Their mockery is actually quite diverse.

===SV Celebrity Worship===

"Why Elon Musk is the most perfect human being alive today"

===Political===

"A Heart Divided: How a gay JavaScript programmer feels about Brendan Eich"

"Please don't mention Condoleezza Rice. Our autism is above politics."

"10 ways we unknowingly oppress female programmers and enforce patriarchy"

===Juvenile Cliq===

"Reasons why this <obscure new non-stable language that can't even compile™
yet> will replace C as a system language and why you SHOULD use it if you
don't want to be left in the dust."

"Why we switched to [obscure framework] and you should too."

===HN flaws===

"<userX>, you seem to be hellbanned for no reason."

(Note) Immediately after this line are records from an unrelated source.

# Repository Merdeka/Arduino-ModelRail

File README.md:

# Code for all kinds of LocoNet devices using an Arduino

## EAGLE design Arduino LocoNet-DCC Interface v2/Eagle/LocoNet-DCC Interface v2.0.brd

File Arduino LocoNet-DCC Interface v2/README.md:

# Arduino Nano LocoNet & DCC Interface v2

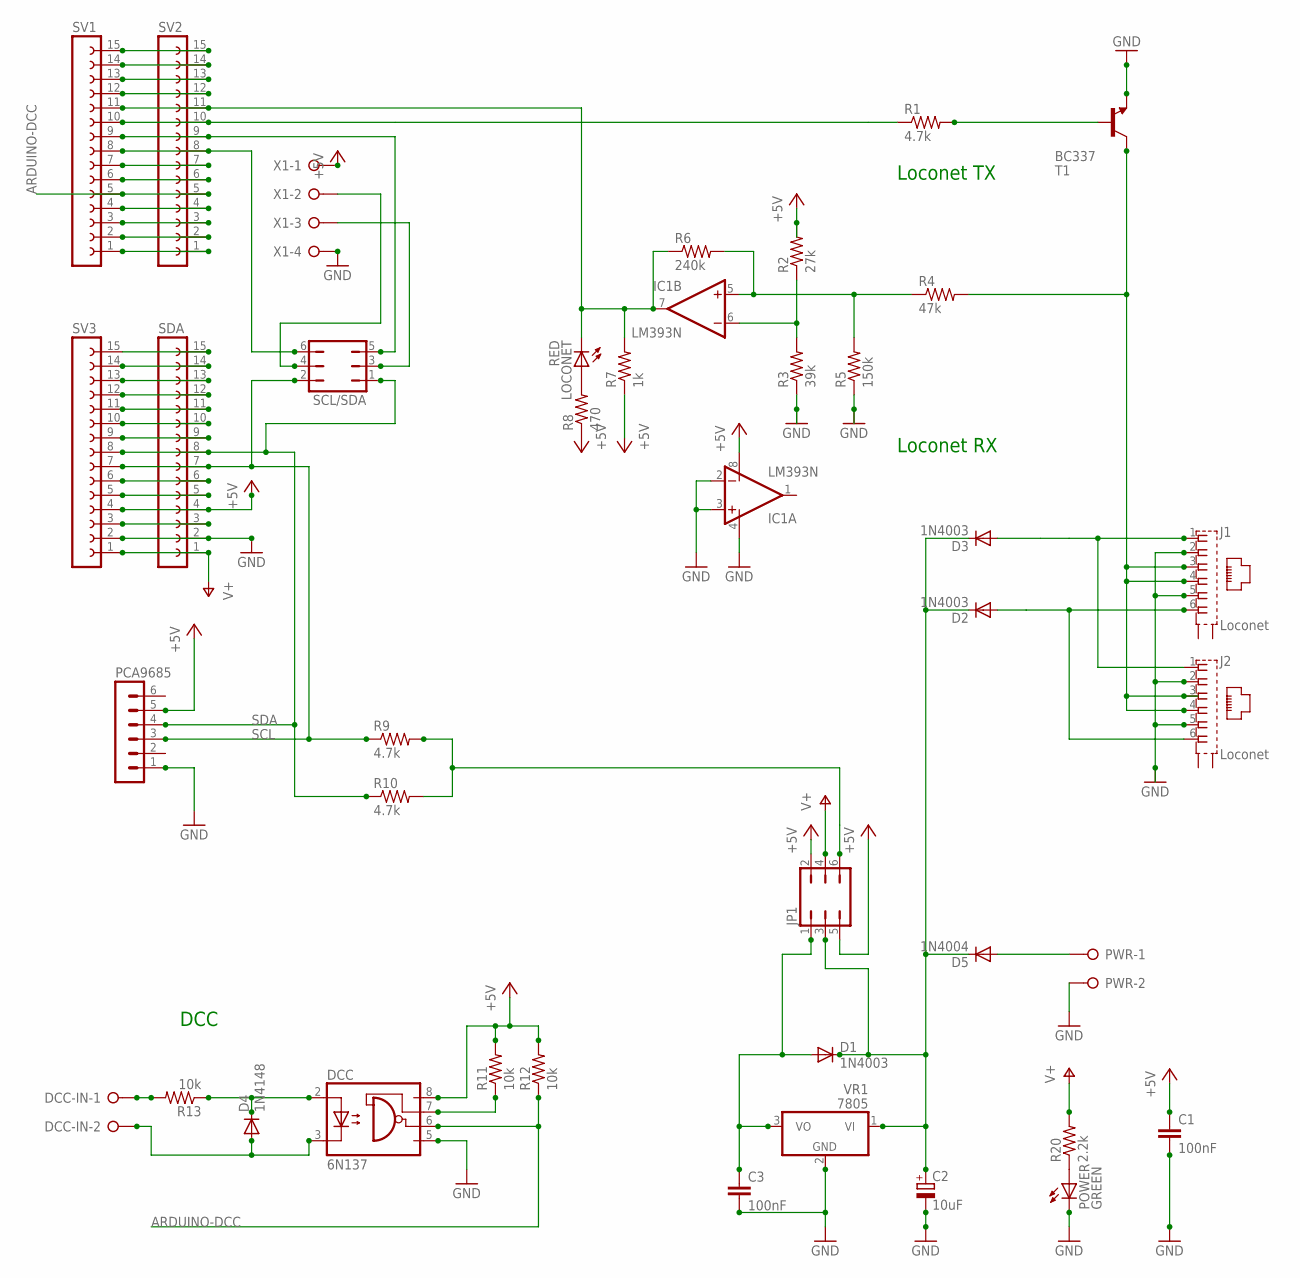
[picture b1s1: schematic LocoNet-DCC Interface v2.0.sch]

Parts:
C1, C3: 100nF; C025_050-025X075
C2: 10uF; E2,5-6
D1, D2, D3: 1N4003; DO41-10
D4: 1N4148; DO35-7
D5: 1N4004; DO41-10
DCC: 6N137; DIL08
DCC-IN: W237-02P; W237-132
IC1: LM393N; DIL08
J1, J2: Loconet; 555140-1
JP1: JP3Q
LOCONET: RED; LED3MM
PCA9685: MA06-1
POWER: GREEN; LED3MM
PWR: W237-02P; W237-132
R1, R9, R10: 4.7k; AXIAL-0.3
R2: 27k; AXIAL-0.3
R3: 39k; AXIAL-0.3
R4: 47k; AXIAL-0.3
R5: 150k; AXIAL-0.3
R6: 240k; AXIAL-0.3
R7: 1k; AXIAL-0.3
R8: 470; AXIAL-0.3
R11, R12, R13: 10k; AXIAL-0.3
R20: 2.2k; AXIAL-0.3
SCL/SDA: JP3Q
SDA: FE15-1NOTEXT; FE15
SV1, SV2, SV3: FE15-1NOTEXT; FE15
T1: BC337; TO92
VR1: 7805; TO220V
X1: W237-04P; W237-4P

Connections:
3V3: SDA.14, SV3.14
+5V: C1.1, DCC.8 (VCC), IC1.8 (V+), JP1.2, JP1.5, PCA9685.5, R2.P$2 (2), R7.P$1 (1), R8.P$1 (1), R11.P$2 (2), R12.P$2 (2), SDA.4, SV3.4, X1.1
A0: SDA.12, SV3.12
A1: SDA.11, SV3.11
A2: SDA.10, SV3.10
A3: SDA.9, SV3.9
A6: SDA.6, SV3.6
A7: SDA.5, SV3.5
ARDUINO-DCC: DCC.6 (VO), R12.P$1 (1), SV1.5, SV2.5
AREF: SDA.13, SV3.13
GND: C1.2, C2.-, C3.2, DCC.5 (GND), IC1.2 (-IN), IC1.3 (+IN), IC1.4 (V-), J1.2, J1.5, J2.2, J2.5, PCA9685.1, POWER.K (C), PWR.2, R3.P$1 (1), R5.P$1 (1), SDA.2, SV3.2, T1.1 (E), VR1.2 (GND), X1.4
I2C_PULLUP: JP1.6, R9.P$2 (2), R10.P$2 (2)
L-RX: IC1.7 (OUT), LOCONET.K (C), R6.P$1 (1), R7.P$2 (2), SV1.11, SV2.11
L-TX: R1.P$1 (1), SV1.10, SV2.10
LOCONET-SIGNAL: J1.3, J1.4, J2.3, J2.4, R4.P$2 (2), T1.3 (C)
unnamed: D5.A, PWR.1
unnamed: POWER.A, R20.P$1 (1)
unnamed: LOCONET.A, R8.P$2 (2)
unnamed: R1.P$2 (2), T1.2 (B)
unnamed: IC1.6 (-IN), R2.P$1 (1), R3.P$2 (2)
unnamed: IC1.5 (+IN), R4.P$1 (1), R5.P$2 (2), R6.P$2 (2)
unnamed: SDA.3, SV3.3
unnamed: SV1.4, SV2.4
unnamed: D4.C, DCC.2 (A), R13.P$1 (1)
unnamed: D4.A, DCC.3 (C), DCC-IN.2
unnamed: DCC.7 (VE), R11.P$1 (1)
unnamed: DCC-IN.1, R13.P$2 (2)
PIN3: SV1.6, SV2.6
PIN4: SV1.7, SV2.7
PIN5: SCL/SDA.6, SV1.8, SV2.8
PIN6: SCL/SDA.5, SV1.9, SV2.9
PIN9: SV1.12, SV2.12
PIN10: SV1.13, SV2.13
PIN11: SV1.14, SV2.14
PIN12: SV1.15, SV2.15
PIN13: SDA.15, SV3.15
RAILSYNC-A: D3.A, J1.1, J2.1
RAILSYNC-B: D2.A, J1.6, J2.6
RAILSYNC-VIN: C2.+, D1.C, D2.C, D3.C, D5.C, JP1.3, VR1.1 (VI)
RESET: SV1.3, SV2.3
RXD: SV1.2, SV2.2
SCL: PCA9685.3, R9.P$1 (1), SCL/SDA.2, SDA.7, SV3.7
SDA: PCA9685.4, R10.P$1 (1), SCL/SDA.1, SDA.8, SV3.8
TXD: SV1.1, SV2.1
V-OUT: C3.1, D1.A, JP1.1, VR1.3 (VO)
VIN: JP1.4, R20.P$2 (2), SDA.1, SV3.1
X1-SCL/D5: SCL/SDA.4, X1.2
X1-SDA/D6: SCL/SDA.3, X1.3

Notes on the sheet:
Loconet RX
Loconet TX
DCC

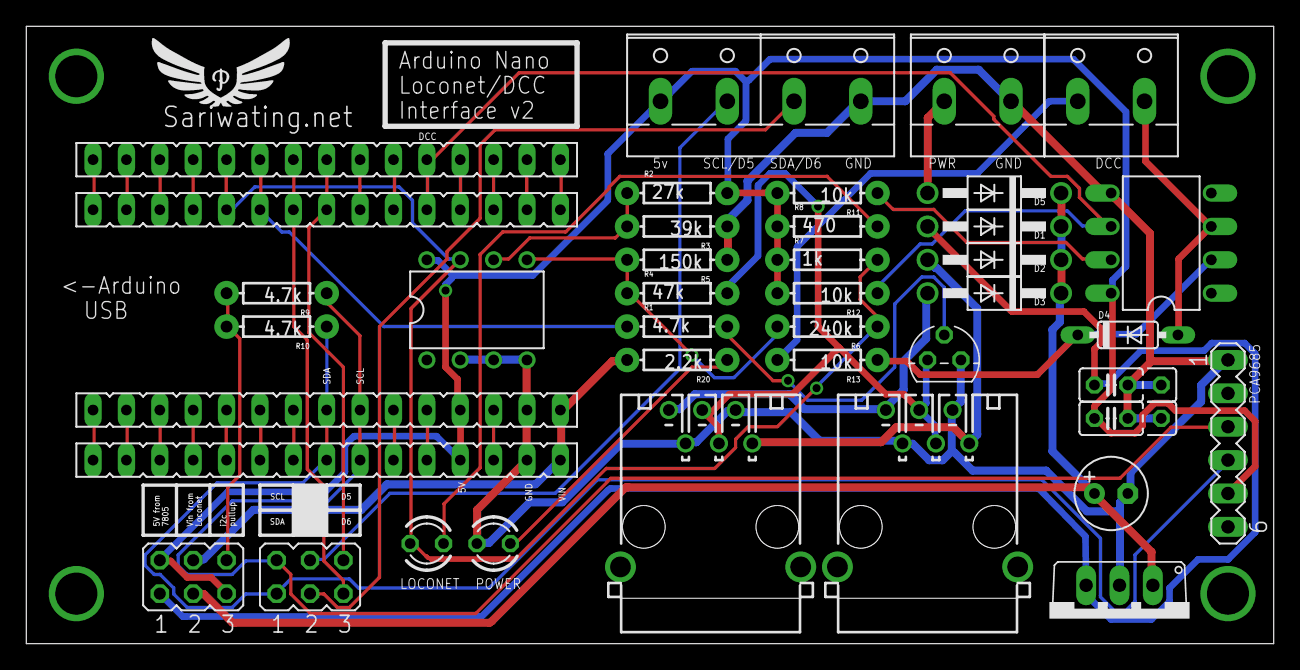
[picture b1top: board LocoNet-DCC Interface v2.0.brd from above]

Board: 2 copper layers, 94.9 x 47.0 mm, 40 parts (0 on the bottom side), 48 nets.

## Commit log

2015-12-09 added README.md
2015-12-09 Cleanup
2015-12-10 Add LocoNet UDP Sketch
2015-12-10 Code Cleanup
2015-12-10 Bugfix
2015-12-10 Store Button State in EEPROM and send on power up
2015-12-11 Small update
2015-12-11 Adjusted the LED PWM. Where way to bright
2015-12-13 Added 2 WS2812b Signals
2015-12-28 Add Loconet WS2812b
2016-01-02 Bug fixes and simplification
    Switched to Bounce2 library to bugfix the buttons
    Used const for pin definitions
    Simplified some parts
2016-01-03 Small Typo and added Loconet Github
2016-02-04 Small Change
2016-02-04 Initial Commit
    Needs Cleanup
2017-10-17 PCD Schematics
    PCD Schematics
2017-10-17 Add README.md
    Add README.md
2017-11-13 First Commit
    First Commit
2017-11-13 Name Change
    Name Change
2018-02-21 Manual Update

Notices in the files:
parts and their libraries:
SparkFun-Resistors: Licensing: Creative Commons ShareAlike 4.0 International - https://creativecommons.org/licenses/by-sa/4.0

===Feel Good Superior Heroism===

"Check out this TED talk about teaching node.js to kids in Africa."

===Love of Javascript===

"Have you heard about our Lord and Saviour JavaScript?"

"How to touch yourself at night without JavaScript knowing it."

"Breaking news! POP3 and IMAP written in Javascript!"

"How I ported the control software of a nuclear reactor to reactive
Javascript"

"Linux kernel ported to JavaScript running in the browser. See how we did it."

"How I made a filesystem in javascript."

"How I got my girlfriend pregnant using JavaScript."

"How to avoid getting HIV using JavaScript."

"The Linux kernel doesn't have enough javascript."

"I recommended my boss to rewrite the local powergrid infrastructure to
javascript and how I lost my job."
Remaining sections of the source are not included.